■ Assignment ■
In the data below, one line contains "roof outside (Roof_Construction): 14.88,8.54" and a later one contains "Time Zone=-5; Elevation=48". Print both, with every line between them, exactly and alone.

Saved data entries
⁂

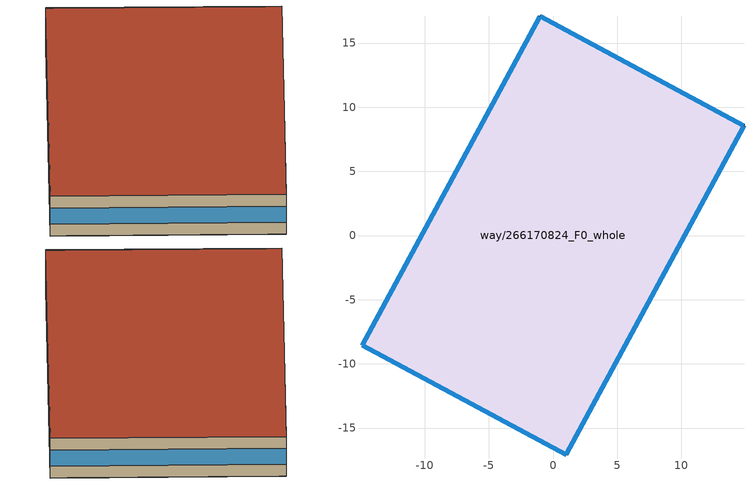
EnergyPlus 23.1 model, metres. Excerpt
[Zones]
way/266170824_F0_whole
 floor ground (Floor_Construction): 1.02,-17.08 14.88,8.54 -1.02,17.08 -14.89,-8.55 z0
 wall outside (Wall_Construction): 1.02,-17.08 -14.89,-8.55 -1.02,17.08 14.88,8.54 1.02,-17.08 z0:3.5
 window (Window_Construction): 1.02,-17.07 -14.88,-8.55 / -14.88,-8.53 -1.03,17.07 / -1.01,17.08 14.88,8.55 / 14.88,8.53 1.03,-17.06 z1.05:2.45
 roof outside (Roof_Construction): 14.88,8.54 1.02,-17.08 -14.89,-8.55 -1.02,17.08 z3.5
[Building]
OpenUBEM_Building: North Axis=0; Terrain=City; Solar Distribution=FullExterior
[Site:Location]
New.York-Central.Park.Obs-Belvedere.Castle: Latitude=40.77889; Longitude=-73.9692; Time Zone=-5; Elevation=48
[SizingPeriod:WeatherFileDays]
AnnualSizingPeriod: Begin Month=1; Begin Day of Month=1; End Month=12; End Day of Month=31; Day of Week for Start Day=Monday; Use Weather File Daylight Saving Period=No; Use Weather File Rain and Snow Indicators=No
[SITE:WATERMAINSTEMPERATURE]
Calculation Method=CorrelationFromWeatherFile
[MATERIAL:NOMASS] Roughness=MediumRough; Thermal Absorptance=0.9; Solar Absorptance=0.7; Visible Absorptance=0.7
Name | Thermal Resistance
Roof_Assembly | 3.47222
Wall_Assembly | 1.73913
Floor_Assembly | 1.94932
[WINDOWMATERIAL:SIMPLEGLAZINGSYSTEM]
Window_Material: UFactor=3.236; Solar Heat Gain Coefficient=0.36; Visible Transmittance=0.6
[CONSTRUCTION]
Roof_Construction: Roof_Assembly
Wall_Construction: Wall_Assembly
Floor_Construction: Floor_Assembly
Window_Construction: Window_Material
[ZONE]
way/266170824_F0_whole: Type=1; Multiplier=1; Ceiling Height=autocalculate; Volume=autocalculate; Floor Area=autocalculate; Part of Total Floor Area=Yes
[PEOPLE]
People_way/266170824_F0_whole: Zone or ZoneList or Space or SpaceList=way/266170824_F0_whole; Number of People Schedule=Occupancy_Schedule_MediumOffice; Number of People Calculation Method=People; Number of People=28.3077; Fraction Radiant=0.3; Sensible Heat Fraction=autocalculate; Activity Level Schedule=Activity_Level; Carbon Dioxide Generation Rate=3.82e-08; Enable ASHRAE 55 Comfort Warnings=No; Mean Radiant Temperature Calculation Type=ZoneAveraged; Clothing Insulation Calculation Method=ClothingInsulationSchedule; Cold Stress Temperature Threshold=15.56; Heat Stress Temperature Threshold=30
[LIGHTS]
Lights_way/266170824_F0_whole: Zone or ZoneList or Space or SpaceList=way/266170824_F0_whole; Schedule=Lighting_Schedule_MediumOffice; Design Level Calculation Method=LightingLevel; Lighting Level=5659.29; Return Air Fraction=0; Fraction Radiant=0.42; Fraction Visible=0; Fraction Replaceable=1; EndUse Subcategory=General; Return Air Fraction Calculated from Plenum Temperature=No; Return Air Fraction Function of Plenum Temperature Coefficient 1=0; Return Air Fraction Function of Plenum Temperature Coefficient 2=0
[ELECTRICEQUIPMENT]
Equipment_way/266170824_F0_whole: Zone or ZoneList or Space or SpaceList=way/266170824_F0_whole; Schedule=Equipment_Schedule_MediumOffice; Design Level Calculation Method=EquipmentLevel; Design Level=5659.29; Fraction Latent=0; Fraction Radiant=0.5; Fraction Lost=0; EndUse Subcategory=General
[ZONEINFILTRATION:DESIGNFLOWRATE]
Infiltration_way/266170824_F0_whole: Zone or ZoneList or Space or SpaceList=way/266170824_F0_whole; Schedule=Infiltration_Schedule_MediumOffice; Design Flow Rate Calculation Method=Flow/ExteriorWallArea; Flow Rate per Exterior Surface Area=0.000285; Constant Term Coefficient=1; Temperature Term Coefficient=0; Velocity Term Coefficient=0; Velocity Squared Term Coefficient=0
[HVACTEMPLATE:THERMOSTAT]
way/266170824_F0_whole_Thermostat: Heating Setpoint Schedule=Heating_Setpoint_MediumOffice; Cooling Setpoint Schedule=Cooling_Setpoint_MediumOffice
[HVACTEMPLATE:ZONE:UNITARY]
way/266170824_F0_whole: Template Unitary System=way/266170824_F0_whole_PSZ_Sys; Template Thermostat=way/266170824_F0_whole_Thermostat; Supply Air Maximum Flow Rate=autosize; Outdoor Air Method=Flow/Person; Outdoor Air Flow Rate per Person=0.01; Outdoor Air Flow Rate per Zone Floor Area=0; Outdoor Air Flow Rate per Zone=0; Baseboard Heating Type=None; Baseboard Heating Capacity=autosize; Zone Cooling Design Supply Air Temperature Input Method=SystemSupplyAirTemperature; Zone Cooling Design Supply Air Temperature=12.8; Zone Cooling Design Supply Air Temperature Difference=11.11; Zone Heating Design Supply Air Temperature Input Method=SystemSupplyAirTemperature; Zone Heating Design Supply Air Temperature=50; Zone Heating Design Supply Air Temperature Difference=30
[HVACTEMPLATE:SYSTEM:UNITARY]
way/266170824_F0_whole_PSZ_Sys: Control Zone or Thermostat Location=way/266170824_F0_whole; Supply Fan Maximum Flow Rate=autosize; Supply Fan Total Efficiency=0.55575; Supply Fan Delta Pressure=622.5; Supply Fan Motor Efficiency=0.9; Supply Fan Motor in Air Stream Fraction=1; Cooling Coil Type=SingleSpeedDX; Cooling Design Supply Air Temperature=12.8; Cooling Coil Gross Rated Total Capacity=autosize; Cooling Coil Gross Rated Sensible Heat Ratio=autosize; Cooling Coil Gross Rated COP=3.73922; Heating Coil Type=Gas; Heating Design Supply Air Temperature=50; Heating Coil Capacity=autosize; Gas Heating Coil Efficiency=0.84; Gas Heating Coil Parasitic Electric Load=0; Maximum Outdoor Air Flow Rate=autosize; Minimum Outdoor Air Flow Rate=autosize; Economizer Type=DifferentialDryBulb; Economizer Lockout=NoLockout; Supply Fan Placement=BlowThrough; Night Cycle Control=StayOff; Heat Recovery Type=None; Sensible Heat Recovery Effectiveness=0.7; Latent Heat Recovery Effectiveness=0.65; Dehumidification Control Type=None; Dehumidification Setpoint=60; Humidifier Type=None; Humidifier Rated Capacity=1e-06; Humidifier Rated Electric Power=autosize; Humidifier Setpoint=30; Return Fan=No; Return Fan Total Efficiency=0.7; Return Fan Delta Pressure=500; Return Fan Motor Efficiency=0.9; Return Fan Motor in Air Stream Fraction=1
[WATERHEATER:MIXED]
DHW_Heater_MediumOffice: Tank Volume=0.3785; Setpoint Temperature Schedule=OpenUBEM_DHW_Setpoint; Deadband Temperature Difference=0; Heater Control Type=Cycle; Heater Maximum Capacity=1955; Heater Ignition Minimum Flow Rate=0; Heater Ignition Delay=0; Heater Fuel Type=NaturalGas; Heater Thermal Efficiency=0.808; Off Cycle Parasitic Fuel Consumption Rate=0; Off Cycle Parasitic Fuel Type=NaturalGas; Off Cycle Parasitic Heat Fraction to Tank=0; On Cycle Parasitic Fuel Consumption Rate=0; On Cycle Parasitic Heat Fraction to Tank=0; Ambient Temperature Indicator=Zone; Ambient Temperature Zone=way/266170824_F0_whole; Off Cycle Loss Coefficient to Ambient Temperature=7.56; Off Cycle Loss Fraction to Zone=1; On Cycle Loss Coefficient to Ambient Temperature=7.56; On Cycle Loss Fraction to Zone=1; Peak Use Flow Rate=5.66036e-06; Use Flow Rate Fraction Schedule=OpenUBEM_DHW_FlowFrac_MediumOffice; Use Side Effectiveness=1; Source Side Effectiveness=1; Use Side Design Flow Rate=autosize; Source Side Design Flow Rate=autosize; Indirect Water Heating Recovery Time=1.5; Source Side Flow Control Mode=IndirectHeatPrimarySetpoint; EndUse Subcategory=DHW
[WATERUSE:EQUIPMENT]
DHW_WaterUse_MediumOffice: EndUse Subcategory=DHW; Peak Flow Rate=5.66036e-06; Flow Rate Fraction Schedule=OpenUBEM_DHW_FlowFrac_MediumOffice; Target Temperature Schedule=OpenUBEM_DHW_Setpoint; Zone=way/266170824_F0_whole; Sensible Fraction Schedule=OpenUBEM_DHW_SensibleFrac; Latent Fraction Schedule=OpenUBEM_DHW_LatentFrac
[WATERUSE:CONNECTIONS]
DHW_WaterConn_MediumOffice: Hot Water Supply Temperature Schedule=OpenUBEM_DHW_Setpoint; Drain Water Heat Exchanger Type=None; Drain Water Heat Exchanger Destination=Plant; Water Use Equipment 1=DHW_WaterUse_MediumOffice
[SCHEDULE:COMPACT]
Occupancy_Schedule_MediumOffice: Through: 12/31, For: Weekdays, Until: 06:00, 0, Until: 07:00, 0.1, Until: 08:00, 0.2, Until: 12:00, 0.95, Until: 13:00, 0.5, Until: 17:00, 0.95, Until: 18:00, 0.3, Until: 22:00, 0.1, Until: 24:00, 0.05, For: Saturday, Until: 06:00, 0, Until: 08:00, 0.1, Until: 12:00, 0.3, Until: 17:00, 0.1, Until: 19:00, 0.05, Until: 24:00, 0, For: AllOtherDays, Until: 06:00, 0, Until: 18:00, 0.05, Until: 24:00, 0
Lighting_Schedule_MediumOffice: Through: 12/31, For: Weekdays, Until: 05:00, 0.04184, Until: 07:00, 0.08368, Until: 08:00, 0.25105, Until: 17:00, 0.75314, Until: 18:00, 0.41841, Until: 20:00, 0.25105, Until: 22:00, 0.16736, Until: 23:00, 0.08368, Until: 24:00, 0.04184, For: Saturday, Until: 06:00, 0.04184, Until: 08:00, 0.08368, Until: 12:00, 0.25105, Until: 17:00, 0.12552, Until: 24:00, 0.04184, For: AllOtherDays, Until: 24:00, 0.04184
Equipment_Schedule_MediumOffice: Through: 12/31, For: Weekdays, Until: 06:00, 0.307674, Until: 08:00, 0.381235, Until: 12:00, 0.857778, Until: 13:00, 0.76247, Until: 17:00, 0.857778, Until: 18:00, 0.476543, Until: 24:00, 0.381235, For: Saturday, Until: 06:00, 0.230755, Until: 08:00, 0.381235, Until: 12:00, 0.476543, Until: 17:00, 0.33358, Until: 19:00, 0.285926, Until: 24:00, 0.230755, For: AllOtherDays, Until: 06:00, 0.230755, Until: 18:00, 0.285926, Until: 24:00, 0.230755
Heating_Setpoint_MediumOffice: Through: 12/31, For: Weekdays, Until: 06:00, 15.6, Until: 07:00, 21.1, Until: 08:00, 21.1, Until: 12:00, 21.1, Until: 13:00, 21.1, Until: 17:00, 21.1, Until: 19:00, 21.1, Until: 24:00, 15.6, For: Saturday, Until: 06:00, 15.6, Until: 08:00, 21.1, Until: 12:00, 21.1, Until: 17:00, 21.1, Until: 19:00, 21.1, Until: 24:00, 15.6, For: AllOtherDays, Until: 06:00, 15.6, Until: 18:00, 21.1, Until: 24:00, 15.6
Cooling_Setpoint_MediumOffice: Through: 12/31, For: Weekdays, Until: 06:00, 29.4, Until: 07:00, 23.9, Until: 08:00, 23.9, Until: 12:00, 23.9, Until: 13:00, 23.9, Until: 17:00, 23.9, Until: 18:00, 23.9, Until: 22:00, 23.9, Until: 24:00, 23.9, For: Saturday, Until: 06:00, 29.4, Until: 08:00, 23.9, Until: 12:00, 23.9, Until: 17:00, 23.9, Until: 19:00, 23.9, Until: 24:00, 29.4, For: AllOtherDays, Until: 06:00, 29.4, Until: 18:00, 23.9, Until: 24:00, 29.4
Infiltration_Schedule_MediumOffice: Through: 12/31, For: Weekdays, Until: 06:00, 1, Until: 07:00, 0.25, Until: 08:00, 0.25, Until: 12:00, 0.25, Until: 13:00, 0.25, Until: 17:00, 0.25, Until: 18:00, 0.25, Until: 22:00, 0.25, Until: 24:00, 0.25, For: Saturday, Until: 06:00, 1, Until: 08:00, 0.25, Until: 12:00, 0.25, Until: 17:00, 0.25, Until: 19:00, 0.25, Until: 24:00, 1, For: AllOtherDays, Until: 06:00, 1, Until: 18:00, 0.25, Until: 24:00, 1
[Schedule:Constant]
Activity_Level: Hourly Value=120
[SCHEDULE:CONSTANT]
Name | Hourly Value
OpenUBEM_DHW_Setpoint | 60
OpenUBEM_DHW_FlowFrac_MediumOffice | 0.164889
OpenUBEM_DHW_SensibleFrac | 0.2
OpenUBEM_DHW_LatentFrac | 0.05

⁂

■ Response to the task ■
 roof outside (Roof_Construction): 14.88,8.54 1.02,-17.08 -14.89,-8.55 -1.02,17.08 z3.5
[Building]
OpenUBEM_Building: North Axis=0; Terrain=City; Solar Distribution=FullExterior
[Site:Location]
New.York-Central.Park.Obs-Belvedere.Castle: Latitude=40.77889; Longitude=-73.9692; Time Zone=-5; Elevation=48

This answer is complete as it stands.